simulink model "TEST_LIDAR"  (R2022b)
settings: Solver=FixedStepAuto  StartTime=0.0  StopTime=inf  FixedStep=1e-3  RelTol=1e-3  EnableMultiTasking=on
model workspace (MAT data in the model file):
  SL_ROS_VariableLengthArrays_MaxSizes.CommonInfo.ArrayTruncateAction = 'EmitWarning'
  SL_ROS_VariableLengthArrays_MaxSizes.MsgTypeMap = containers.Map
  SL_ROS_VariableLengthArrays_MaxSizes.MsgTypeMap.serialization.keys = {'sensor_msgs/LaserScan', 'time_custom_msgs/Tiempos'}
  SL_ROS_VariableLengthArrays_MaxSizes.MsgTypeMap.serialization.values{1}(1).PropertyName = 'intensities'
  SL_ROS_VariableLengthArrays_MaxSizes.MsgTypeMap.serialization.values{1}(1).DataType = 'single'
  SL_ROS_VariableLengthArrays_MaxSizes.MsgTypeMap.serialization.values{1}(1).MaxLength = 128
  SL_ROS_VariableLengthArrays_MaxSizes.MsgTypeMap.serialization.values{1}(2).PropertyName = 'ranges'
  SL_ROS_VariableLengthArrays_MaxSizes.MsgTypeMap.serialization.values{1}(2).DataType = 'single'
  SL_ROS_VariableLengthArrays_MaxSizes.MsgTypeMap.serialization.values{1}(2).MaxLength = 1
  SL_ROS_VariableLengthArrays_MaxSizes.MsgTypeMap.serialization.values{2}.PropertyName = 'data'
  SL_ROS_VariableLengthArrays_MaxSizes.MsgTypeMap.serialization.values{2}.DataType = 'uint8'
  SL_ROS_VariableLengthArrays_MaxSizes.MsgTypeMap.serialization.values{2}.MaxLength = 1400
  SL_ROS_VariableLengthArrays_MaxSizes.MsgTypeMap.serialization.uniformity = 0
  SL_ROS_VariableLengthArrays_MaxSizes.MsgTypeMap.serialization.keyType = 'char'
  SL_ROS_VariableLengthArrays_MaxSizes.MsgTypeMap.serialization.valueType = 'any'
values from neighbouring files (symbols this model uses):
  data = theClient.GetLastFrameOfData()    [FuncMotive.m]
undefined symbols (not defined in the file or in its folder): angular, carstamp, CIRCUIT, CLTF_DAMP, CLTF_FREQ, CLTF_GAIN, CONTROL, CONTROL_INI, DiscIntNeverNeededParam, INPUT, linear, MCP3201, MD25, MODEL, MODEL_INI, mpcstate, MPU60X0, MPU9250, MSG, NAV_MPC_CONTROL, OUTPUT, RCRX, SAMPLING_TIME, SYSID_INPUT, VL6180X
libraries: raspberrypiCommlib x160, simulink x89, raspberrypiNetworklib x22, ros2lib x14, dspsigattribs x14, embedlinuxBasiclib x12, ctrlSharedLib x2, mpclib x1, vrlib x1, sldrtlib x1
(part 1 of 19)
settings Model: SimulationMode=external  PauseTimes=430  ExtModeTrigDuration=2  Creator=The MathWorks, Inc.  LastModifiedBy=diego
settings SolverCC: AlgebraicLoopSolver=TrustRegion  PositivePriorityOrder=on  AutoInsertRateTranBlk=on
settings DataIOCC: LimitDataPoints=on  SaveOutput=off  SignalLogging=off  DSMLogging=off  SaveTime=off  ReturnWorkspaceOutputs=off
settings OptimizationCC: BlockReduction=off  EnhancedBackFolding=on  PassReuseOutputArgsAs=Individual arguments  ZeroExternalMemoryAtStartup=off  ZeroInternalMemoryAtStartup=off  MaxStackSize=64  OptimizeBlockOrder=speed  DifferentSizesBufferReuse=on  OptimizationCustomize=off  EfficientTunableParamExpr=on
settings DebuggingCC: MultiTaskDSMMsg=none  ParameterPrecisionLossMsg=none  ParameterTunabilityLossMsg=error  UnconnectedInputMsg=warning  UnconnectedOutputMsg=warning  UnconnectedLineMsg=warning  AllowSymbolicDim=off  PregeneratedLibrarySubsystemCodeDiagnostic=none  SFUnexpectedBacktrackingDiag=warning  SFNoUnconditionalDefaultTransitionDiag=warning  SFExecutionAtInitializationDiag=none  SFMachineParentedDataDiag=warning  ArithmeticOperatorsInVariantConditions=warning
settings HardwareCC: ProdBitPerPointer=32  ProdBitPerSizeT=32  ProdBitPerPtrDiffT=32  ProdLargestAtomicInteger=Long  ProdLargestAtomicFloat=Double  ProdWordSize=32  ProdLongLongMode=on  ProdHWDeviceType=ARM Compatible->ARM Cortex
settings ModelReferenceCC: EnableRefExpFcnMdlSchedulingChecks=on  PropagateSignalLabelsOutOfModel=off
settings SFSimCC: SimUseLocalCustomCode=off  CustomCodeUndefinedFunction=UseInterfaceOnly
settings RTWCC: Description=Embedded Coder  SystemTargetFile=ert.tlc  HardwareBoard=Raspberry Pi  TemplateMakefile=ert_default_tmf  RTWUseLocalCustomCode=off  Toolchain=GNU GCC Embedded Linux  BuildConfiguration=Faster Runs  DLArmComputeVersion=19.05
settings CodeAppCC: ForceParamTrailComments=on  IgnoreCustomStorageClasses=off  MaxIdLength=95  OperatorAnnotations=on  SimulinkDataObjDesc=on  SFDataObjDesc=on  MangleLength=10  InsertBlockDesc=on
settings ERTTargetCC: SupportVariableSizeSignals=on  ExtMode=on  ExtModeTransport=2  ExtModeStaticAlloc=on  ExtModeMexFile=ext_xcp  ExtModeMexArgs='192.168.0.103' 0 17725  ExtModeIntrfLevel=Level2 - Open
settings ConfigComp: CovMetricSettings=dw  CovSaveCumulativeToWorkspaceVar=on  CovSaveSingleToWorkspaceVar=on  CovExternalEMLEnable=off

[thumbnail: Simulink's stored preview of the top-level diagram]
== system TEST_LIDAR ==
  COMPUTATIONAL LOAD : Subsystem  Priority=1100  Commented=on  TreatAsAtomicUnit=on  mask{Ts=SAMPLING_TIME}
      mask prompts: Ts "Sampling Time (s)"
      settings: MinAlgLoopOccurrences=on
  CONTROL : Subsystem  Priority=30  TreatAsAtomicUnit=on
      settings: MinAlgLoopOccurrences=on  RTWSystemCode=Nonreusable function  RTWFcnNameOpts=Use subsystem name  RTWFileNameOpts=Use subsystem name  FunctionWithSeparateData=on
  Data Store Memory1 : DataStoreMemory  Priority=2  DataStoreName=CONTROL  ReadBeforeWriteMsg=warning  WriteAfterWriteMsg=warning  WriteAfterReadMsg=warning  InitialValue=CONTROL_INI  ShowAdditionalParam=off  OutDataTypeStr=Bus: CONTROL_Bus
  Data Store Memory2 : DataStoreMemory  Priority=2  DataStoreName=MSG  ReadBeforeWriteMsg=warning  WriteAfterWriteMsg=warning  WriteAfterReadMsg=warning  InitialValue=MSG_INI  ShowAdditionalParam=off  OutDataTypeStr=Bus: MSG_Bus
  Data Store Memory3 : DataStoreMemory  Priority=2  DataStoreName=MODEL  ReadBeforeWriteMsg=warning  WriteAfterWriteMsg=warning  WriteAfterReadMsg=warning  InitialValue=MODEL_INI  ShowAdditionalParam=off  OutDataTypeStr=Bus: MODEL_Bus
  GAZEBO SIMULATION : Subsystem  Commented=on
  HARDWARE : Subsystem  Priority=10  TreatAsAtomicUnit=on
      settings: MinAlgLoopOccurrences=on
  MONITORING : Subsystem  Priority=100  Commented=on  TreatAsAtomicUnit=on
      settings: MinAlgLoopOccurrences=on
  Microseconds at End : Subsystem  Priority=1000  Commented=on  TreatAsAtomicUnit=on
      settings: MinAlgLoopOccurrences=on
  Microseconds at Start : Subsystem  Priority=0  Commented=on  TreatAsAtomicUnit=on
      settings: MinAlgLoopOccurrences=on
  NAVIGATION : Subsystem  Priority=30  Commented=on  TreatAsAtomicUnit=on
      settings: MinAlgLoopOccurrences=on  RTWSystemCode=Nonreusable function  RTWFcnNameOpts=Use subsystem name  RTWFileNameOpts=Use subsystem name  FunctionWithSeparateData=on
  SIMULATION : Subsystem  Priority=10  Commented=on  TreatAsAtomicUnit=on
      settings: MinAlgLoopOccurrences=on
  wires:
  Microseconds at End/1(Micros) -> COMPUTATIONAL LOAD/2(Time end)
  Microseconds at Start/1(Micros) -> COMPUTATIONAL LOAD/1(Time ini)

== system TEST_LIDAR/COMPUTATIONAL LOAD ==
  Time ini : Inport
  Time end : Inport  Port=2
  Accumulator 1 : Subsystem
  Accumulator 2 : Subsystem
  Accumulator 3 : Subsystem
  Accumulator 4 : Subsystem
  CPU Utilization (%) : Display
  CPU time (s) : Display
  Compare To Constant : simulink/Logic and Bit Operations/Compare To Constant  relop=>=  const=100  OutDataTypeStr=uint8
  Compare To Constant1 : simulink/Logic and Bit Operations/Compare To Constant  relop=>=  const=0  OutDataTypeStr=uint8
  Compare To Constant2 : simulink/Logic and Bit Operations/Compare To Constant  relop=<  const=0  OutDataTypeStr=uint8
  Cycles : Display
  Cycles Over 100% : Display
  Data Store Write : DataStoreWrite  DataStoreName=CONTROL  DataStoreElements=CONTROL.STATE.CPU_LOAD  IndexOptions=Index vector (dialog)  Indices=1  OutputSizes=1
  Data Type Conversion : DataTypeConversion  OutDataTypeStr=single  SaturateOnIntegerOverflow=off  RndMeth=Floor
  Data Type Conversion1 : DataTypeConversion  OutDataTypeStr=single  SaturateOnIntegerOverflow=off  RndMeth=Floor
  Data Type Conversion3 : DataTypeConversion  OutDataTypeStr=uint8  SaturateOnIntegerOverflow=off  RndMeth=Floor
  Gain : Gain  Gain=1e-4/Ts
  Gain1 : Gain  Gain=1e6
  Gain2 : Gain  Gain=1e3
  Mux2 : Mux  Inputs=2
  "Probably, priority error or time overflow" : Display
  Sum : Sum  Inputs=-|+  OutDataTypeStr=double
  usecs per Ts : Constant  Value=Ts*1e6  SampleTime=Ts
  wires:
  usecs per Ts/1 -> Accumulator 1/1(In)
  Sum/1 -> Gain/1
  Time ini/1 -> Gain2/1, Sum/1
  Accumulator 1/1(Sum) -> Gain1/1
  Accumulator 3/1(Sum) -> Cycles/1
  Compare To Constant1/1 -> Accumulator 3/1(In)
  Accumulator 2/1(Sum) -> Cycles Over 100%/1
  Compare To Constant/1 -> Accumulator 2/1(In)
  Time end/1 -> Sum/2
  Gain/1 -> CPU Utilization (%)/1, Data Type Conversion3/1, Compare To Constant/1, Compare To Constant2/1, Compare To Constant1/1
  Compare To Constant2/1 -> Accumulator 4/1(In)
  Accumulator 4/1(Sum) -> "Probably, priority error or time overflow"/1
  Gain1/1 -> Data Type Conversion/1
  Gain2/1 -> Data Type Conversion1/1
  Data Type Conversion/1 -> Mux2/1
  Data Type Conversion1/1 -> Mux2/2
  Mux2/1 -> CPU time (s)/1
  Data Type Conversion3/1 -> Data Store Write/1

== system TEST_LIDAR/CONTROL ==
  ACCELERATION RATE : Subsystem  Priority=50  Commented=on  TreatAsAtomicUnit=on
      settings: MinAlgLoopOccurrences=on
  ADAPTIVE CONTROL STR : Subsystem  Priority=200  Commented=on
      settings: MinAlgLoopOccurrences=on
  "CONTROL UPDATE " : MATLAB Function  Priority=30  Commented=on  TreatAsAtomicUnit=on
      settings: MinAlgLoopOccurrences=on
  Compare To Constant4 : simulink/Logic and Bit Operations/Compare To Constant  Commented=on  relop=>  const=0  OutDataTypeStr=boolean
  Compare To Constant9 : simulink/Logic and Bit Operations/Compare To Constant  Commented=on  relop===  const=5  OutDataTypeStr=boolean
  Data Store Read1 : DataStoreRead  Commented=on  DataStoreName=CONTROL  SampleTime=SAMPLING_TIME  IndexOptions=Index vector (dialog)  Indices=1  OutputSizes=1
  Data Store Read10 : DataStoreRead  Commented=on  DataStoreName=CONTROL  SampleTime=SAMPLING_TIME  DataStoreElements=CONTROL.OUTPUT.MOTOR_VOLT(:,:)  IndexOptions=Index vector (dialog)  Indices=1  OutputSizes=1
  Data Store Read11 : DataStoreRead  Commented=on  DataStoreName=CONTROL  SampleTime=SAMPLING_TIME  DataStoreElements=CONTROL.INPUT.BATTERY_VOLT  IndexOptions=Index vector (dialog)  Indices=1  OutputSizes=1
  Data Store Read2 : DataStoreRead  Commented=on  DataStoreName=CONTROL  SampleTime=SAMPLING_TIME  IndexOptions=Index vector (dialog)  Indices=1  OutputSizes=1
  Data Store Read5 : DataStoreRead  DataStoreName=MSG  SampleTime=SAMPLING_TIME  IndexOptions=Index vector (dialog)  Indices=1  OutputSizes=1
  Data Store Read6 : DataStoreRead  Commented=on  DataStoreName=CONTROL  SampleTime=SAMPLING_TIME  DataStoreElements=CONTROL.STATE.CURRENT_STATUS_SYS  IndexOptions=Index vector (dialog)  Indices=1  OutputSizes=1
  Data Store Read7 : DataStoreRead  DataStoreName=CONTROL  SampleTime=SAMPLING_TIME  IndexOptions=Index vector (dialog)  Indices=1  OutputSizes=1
□ □ □ □ □
● **YOUR OBJECTIVE**
Emit, unaltered, the lines from the top of the listing down through the line that holds "undefined symbols (not"; emit nothing else.

● **ANSWER**
simulink model "TEST_LIDAR"  (R2022b)
settings: Solver=FixedStepAuto  StartTime=0.0  StopTime=inf  FixedStep=1e-3  RelTol=1e-3  EnableMultiTasking=on
model workspace (MAT data in the model file):
  SL_ROS_VariableLengthArrays_MaxSizes.CommonInfo.ArrayTruncateAction = 'EmitWarning'
  SL_ROS_VariableLengthArrays_MaxSizes.MsgTypeMap = containers.Map
  SL_ROS_VariableLengthArrays_MaxSizes.MsgTypeMap.serialization.keys = {'sensor_msgs/LaserScan', 'time_custom_msgs/Tiempos'}
  SL_ROS_VariableLengthArrays_MaxSizes.MsgTypeMap.serialization.values{1}(1).PropertyName = 'intensities'
  SL_ROS_VariableLengthArrays_MaxSizes.MsgTypeMap.serialization.values{1}(1).DataType = 'single'
  SL_ROS_VariableLengthArrays_MaxSizes.MsgTypeMap.serialization.values{1}(1).MaxLength = 128
  SL_ROS_VariableLengthArrays_MaxSizes.MsgTypeMap.serialization.values{1}(2).PropertyName = 'ranges'
  SL_ROS_VariableLengthArrays_MaxSizes.MsgTypeMap.serialization.values{1}(2).DataType = 'single'
  SL_ROS_VariableLengthArrays_MaxSizes.MsgTypeMap.serialization.values{1}(2).MaxLength = 1
  SL_ROS_VariableLengthArrays_MaxSizes.MsgTypeMap.serialization.values{2}.PropertyName = 'data'
  SL_ROS_VariableLengthArrays_MaxSizes.MsgTypeMap.serialization.values{2}.DataType = 'uint8'
  SL_ROS_VariableLengthArrays_MaxSizes.MsgTypeMap.serialization.values{2}.MaxLength = 1400
  SL_ROS_VariableLengthArrays_MaxSizes.MsgTypeMap.serialization.uniformity = 0
  SL_ROS_VariableLengthArrays_MaxSizes.MsgTypeMap.serialization.keyType = 'char'
  SL_ROS_VariableLengthArrays_MaxSizes.MsgTypeMap.serialization.valueType = 'any'
values from neighbouring files (symbols this model uses):
  data = theClient.GetLastFrameOfData()    [FuncMotive.m]
undefined symbols (not defined in the file or in its folder): angular, carstamp, CIRCUIT, CLTF_DAMP, CLTF_FREQ, CLTF_GAIN, CONTROL, CONTROL_INI, DiscIntNeverNeededParam, INPUT, linear, MCP3201, MD25, MODEL, MODEL_INI, mpcstate, MPU60X0, MPU9250, MSG, NAV_MPC_CONTROL, OUTPUT, RCRX, SAMPLING_TIME, SYSID_INPUT, VL6180X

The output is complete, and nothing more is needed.